If there too many types of such kind of currency, will them be very cheap?
I have 4 BTC and since the current BTC price waves a lot, I am wondering this.
Thanks,
Only time will tell if Bitcoin is the better. For sure is the first introducing this concept and the biggest market cap at the moment.
Be sure to understand the "cheap" concept. Absolute value means nothing
Suppose at time t1 there are 2 coins and their prices are: A 1000$, B 1$
After some time this are the coin prices A 2000$, B 1.5$
At time t1 coin A was the cheapest!
Ripple is the most functional since it has nearly instantaneous verification & confirmation, approximately 10 seconds.
Imagine if you had to wait the 60 minutes required for total confirmation to buy something in your daily life like a coke at a vending machine. I think you'd either pass, use a fiat, or use something like Ripple. I've never waited an hour for a Coke, so I could be biased.
In that regard, most cryptocurrencies are not currencies but assets.
Then again, you could always forgo 100% confirmation and hope for the best, but we've seen how that's working for the exchanges that do so.
It should be noted that there is an element of centralization to Ripple, but it seems there are plans to fully decentralize.

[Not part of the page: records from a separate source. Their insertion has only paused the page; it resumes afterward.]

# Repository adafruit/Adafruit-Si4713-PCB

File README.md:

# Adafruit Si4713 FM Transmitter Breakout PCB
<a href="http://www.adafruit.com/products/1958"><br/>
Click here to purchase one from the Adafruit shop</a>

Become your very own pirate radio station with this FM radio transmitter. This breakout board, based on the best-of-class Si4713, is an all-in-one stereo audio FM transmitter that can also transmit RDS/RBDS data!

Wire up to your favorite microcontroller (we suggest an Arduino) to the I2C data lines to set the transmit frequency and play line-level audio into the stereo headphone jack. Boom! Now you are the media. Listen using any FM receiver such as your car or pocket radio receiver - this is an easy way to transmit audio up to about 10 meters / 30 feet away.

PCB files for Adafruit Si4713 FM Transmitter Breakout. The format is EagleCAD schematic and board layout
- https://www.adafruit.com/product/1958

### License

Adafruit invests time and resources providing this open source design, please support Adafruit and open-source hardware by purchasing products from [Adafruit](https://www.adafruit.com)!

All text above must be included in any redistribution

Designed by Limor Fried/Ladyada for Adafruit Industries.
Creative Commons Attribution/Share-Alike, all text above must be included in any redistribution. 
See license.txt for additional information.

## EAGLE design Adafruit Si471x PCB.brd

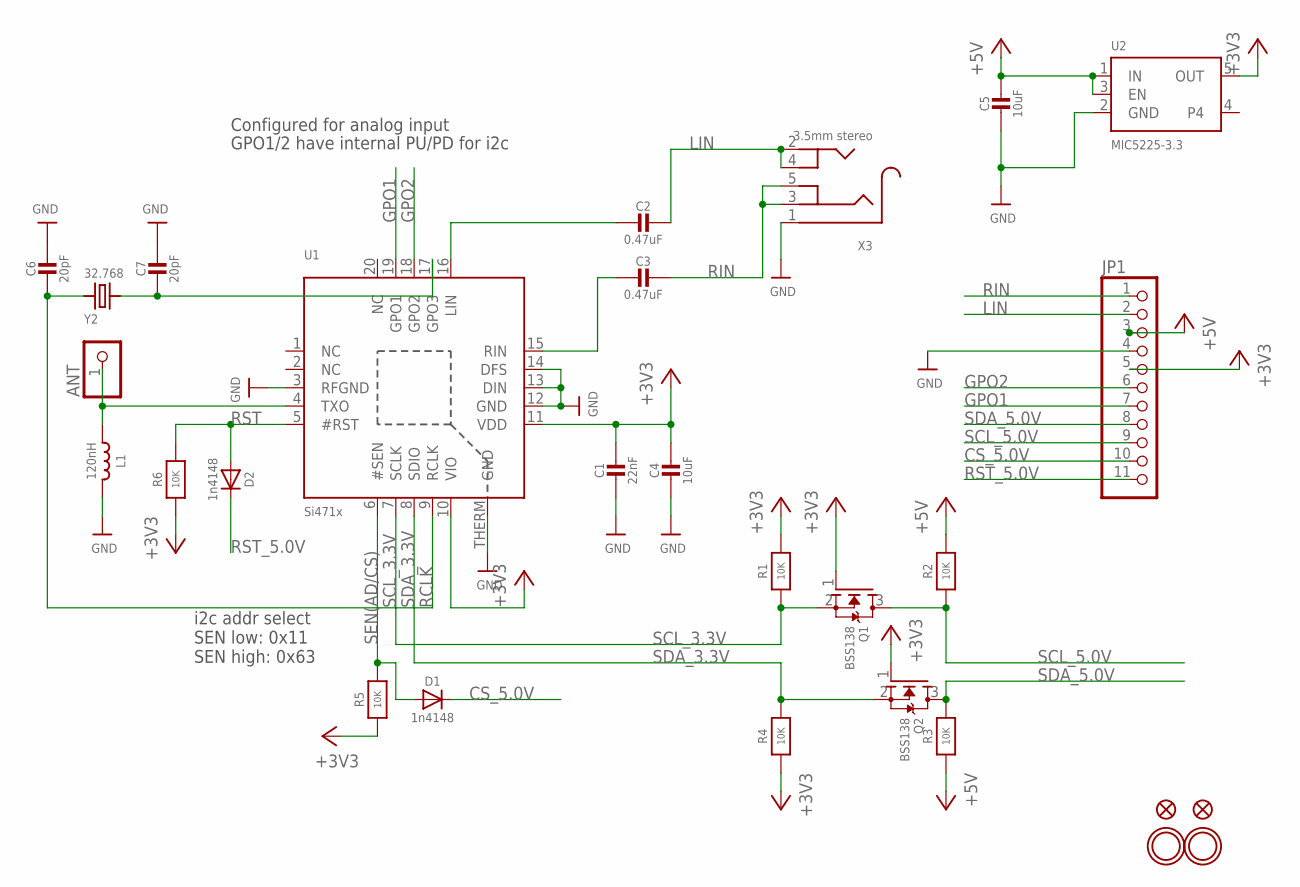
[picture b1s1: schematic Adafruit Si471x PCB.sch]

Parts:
ANT: PINHD-1X1; 1X01
C1: 22nF; 0805-NO
C2, C3: 0.47uF; 0805-NO
C4, C5: 10uF; 0805-NO
C6, C7: 20pF; 0805-NO
D1, D2: 1n4148; SOD-323
FID1, FID2: FIDUCIAL""; FIDUCIAL_1MM
JP1: HEADER-1X11; 1X11_ROUND
L1: 120nH; _0805
Q1, Q2: BSS138; SOT23
R1, R3, R5, R6: 10K; 0805-NO
R2, R4: 10K; _0805MP
U1: Si471x; SI471X
U2: MIC5225-3.3; SOT23-5
U$15, U$17: MOUNTINGHOLE2.5; MOUNTINGHOLE_2.5_PLATED
X3: 3.5mm stereo; 4UCONN_19269
Y2: 32.768; CRYSTAL_8X3.8

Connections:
+3V3: C1.1, C4.1, JP1.5, Q1.1 (G), Q2.1 (G), R1.2, R4.1, R5.1, R6.1, U1.10 (VIO), U1.11 (VDD), U2.5 (OUT)
+5V: C5.1, JP1.3, R2.2, R3.1, U2.1 (IN), U2.3 (EN)
CS_5.0V: D1.C, JP1.10
GND: C1.2, C4.2, C5.2, C6.1, C7.1, JP1.4, L1.2, U1.3 (RFGND), U1.12 (GND), U1.13 (DIN), U1.14 (DFS), U1.THERM (GND), U2.2 (GND), X3.1
GPO1: JP1.7, U1.19 (GPO1)
GPO2: JP1.6, U1.18 (GPO2)
LIN: C2.1, JP1.2, X3.2, X3.4
unnamed: ANT.1, L1.1, U1.4 (TXO)
unnamed: C2.2, U1.16 (LIN)
unnamed: C3.2, U1.15 (RIN)
unnamed: C7.2, U1.17 (GPO3), Y2.P$4 (2)
RCLK: C6.2, U1.9 (RCLK), Y2.P$1 (1)
RIN: C3.1, JP1.1, X3.3, X3.5
RST: D2.A, R6.2, U1.5 (#RST)
RST_5.0V: D2.C, JP1.11
SCL_3.3V: Q1.2 (S), R1.1, U1.7 (SCLK)
SCL_5.0V: JP1.9, Q1.3 (D), R2.1
SDA_3.3V: Q2.2 (S), R4.2, U1.8 (SDIO)
SDA_5.0V: JP1.8, Q2.3 (D), R3.2
SEN(AD/CS): D1.A, R5.2, U1.6 (#SEN)

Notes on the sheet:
Configured for analog input
GPO1/2 have internal PU/PD for i2c
i2c addr select SEN low: 0x11 SEN high: 0x63

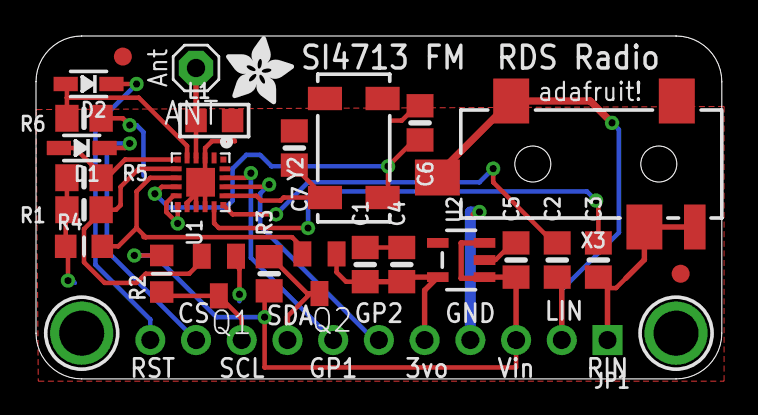
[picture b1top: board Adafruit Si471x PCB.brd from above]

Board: 2 copper layers, 38.1 x 19.1 mm, 30 parts (1 on the bottom side), 20 nets.

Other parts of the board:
U$7: ADAFRUIT_3.5MM
U$9: ADAFRUIT_TEXT_20MM

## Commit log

2015-03-02 init

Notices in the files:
parts and their libraries:
microbuilder: This work is placed in the public domain, and may be freely used for commercial and non-commercial work with the following conditions:

Depends on your meaning of "better", which in turn depends on your intended use:
(post-edit expansion)
Why Bitcoin is not useful for micropayments, as-is? 1 satoshi = (aprox) USD $0.0000065 so theoretically you could send a micropayment in just satoshis. But then very few miners would include such a transaction without a fee, so you'd end up paying dozens or even hundreds of times the original amount in fees just to ensure it's included in a block.
Plus, the standard client asks for a minimum of 5000 satoshis to be sent, so that sets a hard limit of US 3.25 as a lower limit to be sent.
1 DOGE = USD $0.0013 and the transaction fees are usually between 1 cent and 10 cents. So I can send 0.1 US cents to someone and pay no more than 0.01 US cents in fees - and given it can use up to 8 decimals, just like bitcoin, I can actually send much lower micropayments. Plus, given the small amount of permanent inflation of Dogecoin, it's very probable its value will remain low vs. fiat.
As for usefulness for low-end sellers vs. that of Litecoin, in 6 minutes a merchant accepting Litecoin gets 6 confirmations, equivalent to a level of security of 2 confirmations in the Bitcoin network in a third the time with no extra effort from the merchant. For the good or the bad, it seems Litecoin will have its niche market in that.